Margulies did, however, let his father, whose reading was normally confined to the tabloids, read the near-the-knuckle semi-autobiographical What's Wrong With This Picture?. "He said: 'It's a good play,' but he never went to see it. It was a gift in a way that he deemed it good, while deciding for himself that reading it was sufficient. I think it was a very generous response."

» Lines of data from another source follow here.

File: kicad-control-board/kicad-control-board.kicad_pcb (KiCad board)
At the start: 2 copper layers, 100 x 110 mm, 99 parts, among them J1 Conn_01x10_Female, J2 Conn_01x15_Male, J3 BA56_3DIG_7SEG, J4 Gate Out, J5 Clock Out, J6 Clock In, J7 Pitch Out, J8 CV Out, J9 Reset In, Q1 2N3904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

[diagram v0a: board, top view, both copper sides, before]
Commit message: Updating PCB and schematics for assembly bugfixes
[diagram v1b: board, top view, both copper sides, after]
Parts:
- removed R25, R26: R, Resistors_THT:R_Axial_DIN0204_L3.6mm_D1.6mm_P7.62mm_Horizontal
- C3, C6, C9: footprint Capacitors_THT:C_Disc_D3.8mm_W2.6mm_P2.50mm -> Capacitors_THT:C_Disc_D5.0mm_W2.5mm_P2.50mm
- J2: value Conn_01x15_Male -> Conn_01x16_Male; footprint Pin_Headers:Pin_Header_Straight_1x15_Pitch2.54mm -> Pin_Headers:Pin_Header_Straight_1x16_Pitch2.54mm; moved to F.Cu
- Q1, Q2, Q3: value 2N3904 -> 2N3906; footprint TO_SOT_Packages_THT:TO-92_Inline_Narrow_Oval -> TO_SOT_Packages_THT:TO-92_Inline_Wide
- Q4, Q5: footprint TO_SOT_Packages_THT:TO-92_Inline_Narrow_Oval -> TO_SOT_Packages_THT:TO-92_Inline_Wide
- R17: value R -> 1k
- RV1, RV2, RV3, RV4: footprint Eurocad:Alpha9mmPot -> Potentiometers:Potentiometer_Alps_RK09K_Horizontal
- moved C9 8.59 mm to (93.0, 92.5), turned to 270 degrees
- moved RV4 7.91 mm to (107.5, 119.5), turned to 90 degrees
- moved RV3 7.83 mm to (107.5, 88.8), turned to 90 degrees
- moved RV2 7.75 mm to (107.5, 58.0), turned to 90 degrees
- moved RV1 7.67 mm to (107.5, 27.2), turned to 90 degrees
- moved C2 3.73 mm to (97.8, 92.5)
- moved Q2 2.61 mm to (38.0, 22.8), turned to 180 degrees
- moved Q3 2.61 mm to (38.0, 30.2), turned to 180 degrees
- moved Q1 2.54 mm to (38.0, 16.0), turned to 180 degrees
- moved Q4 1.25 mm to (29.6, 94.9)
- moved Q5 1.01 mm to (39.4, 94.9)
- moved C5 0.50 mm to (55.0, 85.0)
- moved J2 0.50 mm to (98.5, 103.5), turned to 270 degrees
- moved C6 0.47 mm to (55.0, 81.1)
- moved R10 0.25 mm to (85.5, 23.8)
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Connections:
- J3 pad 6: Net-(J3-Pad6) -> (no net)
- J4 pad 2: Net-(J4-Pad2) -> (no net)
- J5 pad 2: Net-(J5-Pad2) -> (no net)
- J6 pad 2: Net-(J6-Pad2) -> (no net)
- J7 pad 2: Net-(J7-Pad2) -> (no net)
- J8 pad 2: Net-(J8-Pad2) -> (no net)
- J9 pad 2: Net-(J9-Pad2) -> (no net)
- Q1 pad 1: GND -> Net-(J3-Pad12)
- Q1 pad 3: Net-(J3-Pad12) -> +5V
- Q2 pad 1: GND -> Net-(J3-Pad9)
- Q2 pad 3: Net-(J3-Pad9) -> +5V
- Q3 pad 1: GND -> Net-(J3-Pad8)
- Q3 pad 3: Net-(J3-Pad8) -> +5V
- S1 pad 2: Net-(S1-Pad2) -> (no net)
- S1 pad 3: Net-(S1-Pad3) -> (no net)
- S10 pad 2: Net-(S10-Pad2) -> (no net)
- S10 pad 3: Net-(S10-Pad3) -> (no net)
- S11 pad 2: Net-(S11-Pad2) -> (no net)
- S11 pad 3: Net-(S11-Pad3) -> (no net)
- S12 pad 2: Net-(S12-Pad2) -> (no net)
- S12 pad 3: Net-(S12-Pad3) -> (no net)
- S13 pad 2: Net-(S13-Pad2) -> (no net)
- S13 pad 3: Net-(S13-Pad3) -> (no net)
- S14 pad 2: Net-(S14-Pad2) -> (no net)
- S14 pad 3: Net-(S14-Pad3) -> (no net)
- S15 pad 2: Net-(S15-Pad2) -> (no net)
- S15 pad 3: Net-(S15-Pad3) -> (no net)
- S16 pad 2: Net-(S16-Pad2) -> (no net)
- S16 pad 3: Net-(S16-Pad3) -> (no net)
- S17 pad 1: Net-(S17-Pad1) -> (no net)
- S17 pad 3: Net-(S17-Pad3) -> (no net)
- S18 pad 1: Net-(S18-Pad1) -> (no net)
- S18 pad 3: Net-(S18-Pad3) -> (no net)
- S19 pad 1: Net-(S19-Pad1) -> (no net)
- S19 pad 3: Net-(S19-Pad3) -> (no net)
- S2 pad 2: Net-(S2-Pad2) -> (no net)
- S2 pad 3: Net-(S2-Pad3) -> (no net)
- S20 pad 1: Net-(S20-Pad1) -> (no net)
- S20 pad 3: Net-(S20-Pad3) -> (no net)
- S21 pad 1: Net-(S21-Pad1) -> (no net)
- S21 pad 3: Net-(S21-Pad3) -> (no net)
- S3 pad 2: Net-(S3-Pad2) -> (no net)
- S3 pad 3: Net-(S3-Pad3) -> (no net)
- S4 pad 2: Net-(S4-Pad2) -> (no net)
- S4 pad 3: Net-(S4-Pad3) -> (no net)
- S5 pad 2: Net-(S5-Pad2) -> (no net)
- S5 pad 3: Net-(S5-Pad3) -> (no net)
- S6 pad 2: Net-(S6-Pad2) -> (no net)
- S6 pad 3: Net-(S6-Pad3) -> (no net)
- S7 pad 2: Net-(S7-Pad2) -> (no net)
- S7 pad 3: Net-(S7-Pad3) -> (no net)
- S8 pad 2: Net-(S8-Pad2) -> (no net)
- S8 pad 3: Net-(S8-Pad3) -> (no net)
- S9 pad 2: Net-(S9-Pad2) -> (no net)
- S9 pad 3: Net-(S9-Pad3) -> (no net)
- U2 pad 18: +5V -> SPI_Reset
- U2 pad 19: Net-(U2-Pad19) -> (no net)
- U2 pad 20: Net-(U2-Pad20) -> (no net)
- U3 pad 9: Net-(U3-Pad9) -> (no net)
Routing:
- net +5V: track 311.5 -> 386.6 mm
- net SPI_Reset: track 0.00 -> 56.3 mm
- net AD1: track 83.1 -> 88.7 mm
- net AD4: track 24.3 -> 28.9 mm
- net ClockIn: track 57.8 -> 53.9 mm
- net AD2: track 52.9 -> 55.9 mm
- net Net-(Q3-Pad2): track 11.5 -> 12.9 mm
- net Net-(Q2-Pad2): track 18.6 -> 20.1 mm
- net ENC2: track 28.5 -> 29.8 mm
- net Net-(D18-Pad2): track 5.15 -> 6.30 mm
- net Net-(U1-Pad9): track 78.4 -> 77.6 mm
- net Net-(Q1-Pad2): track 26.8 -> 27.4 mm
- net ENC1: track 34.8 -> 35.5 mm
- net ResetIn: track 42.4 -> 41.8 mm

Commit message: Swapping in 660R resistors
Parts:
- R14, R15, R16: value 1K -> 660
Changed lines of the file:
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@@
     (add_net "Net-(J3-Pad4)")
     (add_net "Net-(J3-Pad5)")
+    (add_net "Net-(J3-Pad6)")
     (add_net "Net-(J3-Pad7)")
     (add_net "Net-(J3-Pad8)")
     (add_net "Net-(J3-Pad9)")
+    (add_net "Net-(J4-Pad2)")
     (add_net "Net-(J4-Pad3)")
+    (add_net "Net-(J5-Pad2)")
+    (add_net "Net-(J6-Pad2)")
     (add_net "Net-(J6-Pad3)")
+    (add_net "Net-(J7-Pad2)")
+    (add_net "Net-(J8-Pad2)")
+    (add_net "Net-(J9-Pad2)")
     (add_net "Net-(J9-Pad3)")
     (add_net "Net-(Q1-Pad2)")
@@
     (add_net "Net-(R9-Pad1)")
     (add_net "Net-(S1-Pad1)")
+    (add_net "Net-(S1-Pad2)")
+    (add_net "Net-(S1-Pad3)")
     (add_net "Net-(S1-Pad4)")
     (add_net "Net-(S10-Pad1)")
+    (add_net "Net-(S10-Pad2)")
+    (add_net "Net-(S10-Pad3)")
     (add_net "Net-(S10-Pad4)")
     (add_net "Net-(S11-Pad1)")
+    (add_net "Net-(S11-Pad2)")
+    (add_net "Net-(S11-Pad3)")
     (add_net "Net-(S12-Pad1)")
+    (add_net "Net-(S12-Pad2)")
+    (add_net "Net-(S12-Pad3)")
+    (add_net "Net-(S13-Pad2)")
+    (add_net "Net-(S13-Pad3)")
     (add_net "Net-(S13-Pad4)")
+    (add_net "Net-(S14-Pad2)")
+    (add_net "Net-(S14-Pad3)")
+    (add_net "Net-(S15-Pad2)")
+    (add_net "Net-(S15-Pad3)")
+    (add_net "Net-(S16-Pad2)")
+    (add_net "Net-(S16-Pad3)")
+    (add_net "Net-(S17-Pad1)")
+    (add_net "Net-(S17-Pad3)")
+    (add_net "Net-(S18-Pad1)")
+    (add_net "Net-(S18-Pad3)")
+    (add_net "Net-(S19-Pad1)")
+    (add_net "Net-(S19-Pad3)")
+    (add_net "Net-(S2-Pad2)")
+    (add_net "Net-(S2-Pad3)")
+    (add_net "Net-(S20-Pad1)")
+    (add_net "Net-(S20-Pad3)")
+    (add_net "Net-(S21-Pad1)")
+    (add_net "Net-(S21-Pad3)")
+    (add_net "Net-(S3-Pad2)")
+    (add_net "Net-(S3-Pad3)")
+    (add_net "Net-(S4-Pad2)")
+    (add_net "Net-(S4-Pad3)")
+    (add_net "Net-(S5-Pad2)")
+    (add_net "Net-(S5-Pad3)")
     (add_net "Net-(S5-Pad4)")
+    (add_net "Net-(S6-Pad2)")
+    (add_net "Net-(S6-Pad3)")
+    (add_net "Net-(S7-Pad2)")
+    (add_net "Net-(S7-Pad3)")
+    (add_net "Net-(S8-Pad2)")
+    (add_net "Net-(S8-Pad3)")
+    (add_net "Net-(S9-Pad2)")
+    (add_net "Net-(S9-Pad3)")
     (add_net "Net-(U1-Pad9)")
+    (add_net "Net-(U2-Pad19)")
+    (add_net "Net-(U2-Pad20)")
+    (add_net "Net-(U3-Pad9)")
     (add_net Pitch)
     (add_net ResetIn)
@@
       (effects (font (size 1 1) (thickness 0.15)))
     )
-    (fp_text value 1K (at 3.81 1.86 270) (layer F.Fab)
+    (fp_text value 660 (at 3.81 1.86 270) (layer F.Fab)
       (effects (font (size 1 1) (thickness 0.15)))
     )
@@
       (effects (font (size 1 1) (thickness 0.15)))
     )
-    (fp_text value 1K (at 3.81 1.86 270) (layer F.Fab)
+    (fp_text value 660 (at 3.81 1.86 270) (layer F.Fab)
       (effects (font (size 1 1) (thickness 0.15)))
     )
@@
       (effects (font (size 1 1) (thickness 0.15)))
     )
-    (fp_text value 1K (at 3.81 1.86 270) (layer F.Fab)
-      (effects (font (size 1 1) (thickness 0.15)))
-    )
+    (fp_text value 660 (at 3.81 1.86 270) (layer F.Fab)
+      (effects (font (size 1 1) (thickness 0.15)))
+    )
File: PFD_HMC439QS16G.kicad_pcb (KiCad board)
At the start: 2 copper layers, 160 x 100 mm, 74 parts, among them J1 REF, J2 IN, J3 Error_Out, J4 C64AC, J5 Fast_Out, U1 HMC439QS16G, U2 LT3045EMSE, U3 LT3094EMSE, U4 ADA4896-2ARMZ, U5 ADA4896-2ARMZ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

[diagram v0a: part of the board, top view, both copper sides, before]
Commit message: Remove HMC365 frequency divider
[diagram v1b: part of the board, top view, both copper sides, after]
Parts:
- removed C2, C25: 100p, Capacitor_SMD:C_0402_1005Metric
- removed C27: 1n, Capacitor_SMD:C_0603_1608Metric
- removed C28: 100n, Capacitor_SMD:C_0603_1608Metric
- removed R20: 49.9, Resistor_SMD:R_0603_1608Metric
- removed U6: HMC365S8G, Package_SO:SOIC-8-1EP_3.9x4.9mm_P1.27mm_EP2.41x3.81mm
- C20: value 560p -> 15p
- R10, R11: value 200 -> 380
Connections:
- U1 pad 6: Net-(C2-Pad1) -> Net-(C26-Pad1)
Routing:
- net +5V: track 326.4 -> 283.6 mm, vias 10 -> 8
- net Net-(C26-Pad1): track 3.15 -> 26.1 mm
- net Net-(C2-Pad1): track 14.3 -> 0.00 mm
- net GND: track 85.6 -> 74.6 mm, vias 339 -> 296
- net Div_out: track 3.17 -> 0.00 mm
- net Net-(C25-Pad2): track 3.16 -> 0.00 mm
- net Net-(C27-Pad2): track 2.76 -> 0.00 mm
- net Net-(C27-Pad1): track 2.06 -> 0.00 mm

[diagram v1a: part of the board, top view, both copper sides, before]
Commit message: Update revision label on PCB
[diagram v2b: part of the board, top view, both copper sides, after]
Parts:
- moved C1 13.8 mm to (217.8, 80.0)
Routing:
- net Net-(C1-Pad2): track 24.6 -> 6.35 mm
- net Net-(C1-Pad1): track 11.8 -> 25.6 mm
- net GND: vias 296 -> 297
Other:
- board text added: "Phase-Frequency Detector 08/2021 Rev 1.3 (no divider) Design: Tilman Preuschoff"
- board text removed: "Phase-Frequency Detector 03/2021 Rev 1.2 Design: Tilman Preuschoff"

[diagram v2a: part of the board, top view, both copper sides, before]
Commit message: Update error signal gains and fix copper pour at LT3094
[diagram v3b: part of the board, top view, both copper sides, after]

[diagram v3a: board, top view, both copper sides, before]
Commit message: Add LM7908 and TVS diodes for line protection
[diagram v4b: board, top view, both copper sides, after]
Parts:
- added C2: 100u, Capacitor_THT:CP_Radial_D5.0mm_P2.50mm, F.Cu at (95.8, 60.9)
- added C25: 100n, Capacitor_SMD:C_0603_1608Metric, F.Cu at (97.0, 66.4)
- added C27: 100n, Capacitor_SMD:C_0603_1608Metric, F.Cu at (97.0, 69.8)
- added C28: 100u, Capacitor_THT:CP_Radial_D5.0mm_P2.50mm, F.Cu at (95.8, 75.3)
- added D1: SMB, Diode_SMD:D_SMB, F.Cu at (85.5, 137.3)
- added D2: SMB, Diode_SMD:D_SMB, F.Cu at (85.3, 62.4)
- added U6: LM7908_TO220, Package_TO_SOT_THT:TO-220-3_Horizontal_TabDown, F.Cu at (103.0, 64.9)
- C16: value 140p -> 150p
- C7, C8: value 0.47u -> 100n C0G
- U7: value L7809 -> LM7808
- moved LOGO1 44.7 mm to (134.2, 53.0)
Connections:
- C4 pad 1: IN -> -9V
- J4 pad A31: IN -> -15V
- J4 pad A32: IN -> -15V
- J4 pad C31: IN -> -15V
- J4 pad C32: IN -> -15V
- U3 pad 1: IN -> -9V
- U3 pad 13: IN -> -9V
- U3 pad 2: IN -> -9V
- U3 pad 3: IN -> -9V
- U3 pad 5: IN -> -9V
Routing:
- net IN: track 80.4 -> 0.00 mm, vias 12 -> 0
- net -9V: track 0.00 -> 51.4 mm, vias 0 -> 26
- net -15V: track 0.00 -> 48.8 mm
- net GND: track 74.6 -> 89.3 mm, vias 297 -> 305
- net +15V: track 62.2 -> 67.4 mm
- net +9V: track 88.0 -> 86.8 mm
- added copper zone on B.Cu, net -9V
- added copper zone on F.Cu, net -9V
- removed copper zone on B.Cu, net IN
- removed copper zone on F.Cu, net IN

Margulies is currently at work on a screen treatment for Paramount of the story of Bruno Grosjean, the Swiss-German writer, who, under the name Binjamin Wilkomirski, fooled the world with his book Fragments, the alleged testimony of an early childhood of unspeakable torment in the Majdanek and Birkenau camps. Margulies is astute casting for this job, because his work is highly alert to the ways in which people nowadays seek to validate themselves by appropriating suffering. In The Model Apartment, even Lola, a survivor of Belsen now embarking on retirement in a Florida condo, feels the need to claim that she was Anne Frank's special friend in the camp and that she featured as the heroine of another secret diary that went up in flames. It's a saga she has clearly re-counted to her family, with elaborations, many times until what is conceivably true can't be disentangled from what is a grasping for glory.
"The Wilkomirski story seems to crystallise so many of the themes that have interested me," says Margulies. "Part of it involves a man in Israel who saw Wilkomirski on television and decided that this man was the little son he had lost in the war. They even underwent DNA testing which proved that they were not related, but that didn't seem to matter. In other words, what interests so much about it is not only the hoax but the investment we have in our culture of victimhood. I mean, in the case of Wilkomirski, it's really a heartbreaking story of a displaced boy who was shunted round the Swiss child-welfare authorities. His outcast mother tries and failed to hold onto the boy who was repeatedly given up to foster parents. So he went through his own kind of horror, but it's the fact that in order to feel the sympathy of the world for what he endured, he had to appropriate the Überhorror. Nothing less would do." An excellent subject would seem to have found, in Margulies, its ideal author.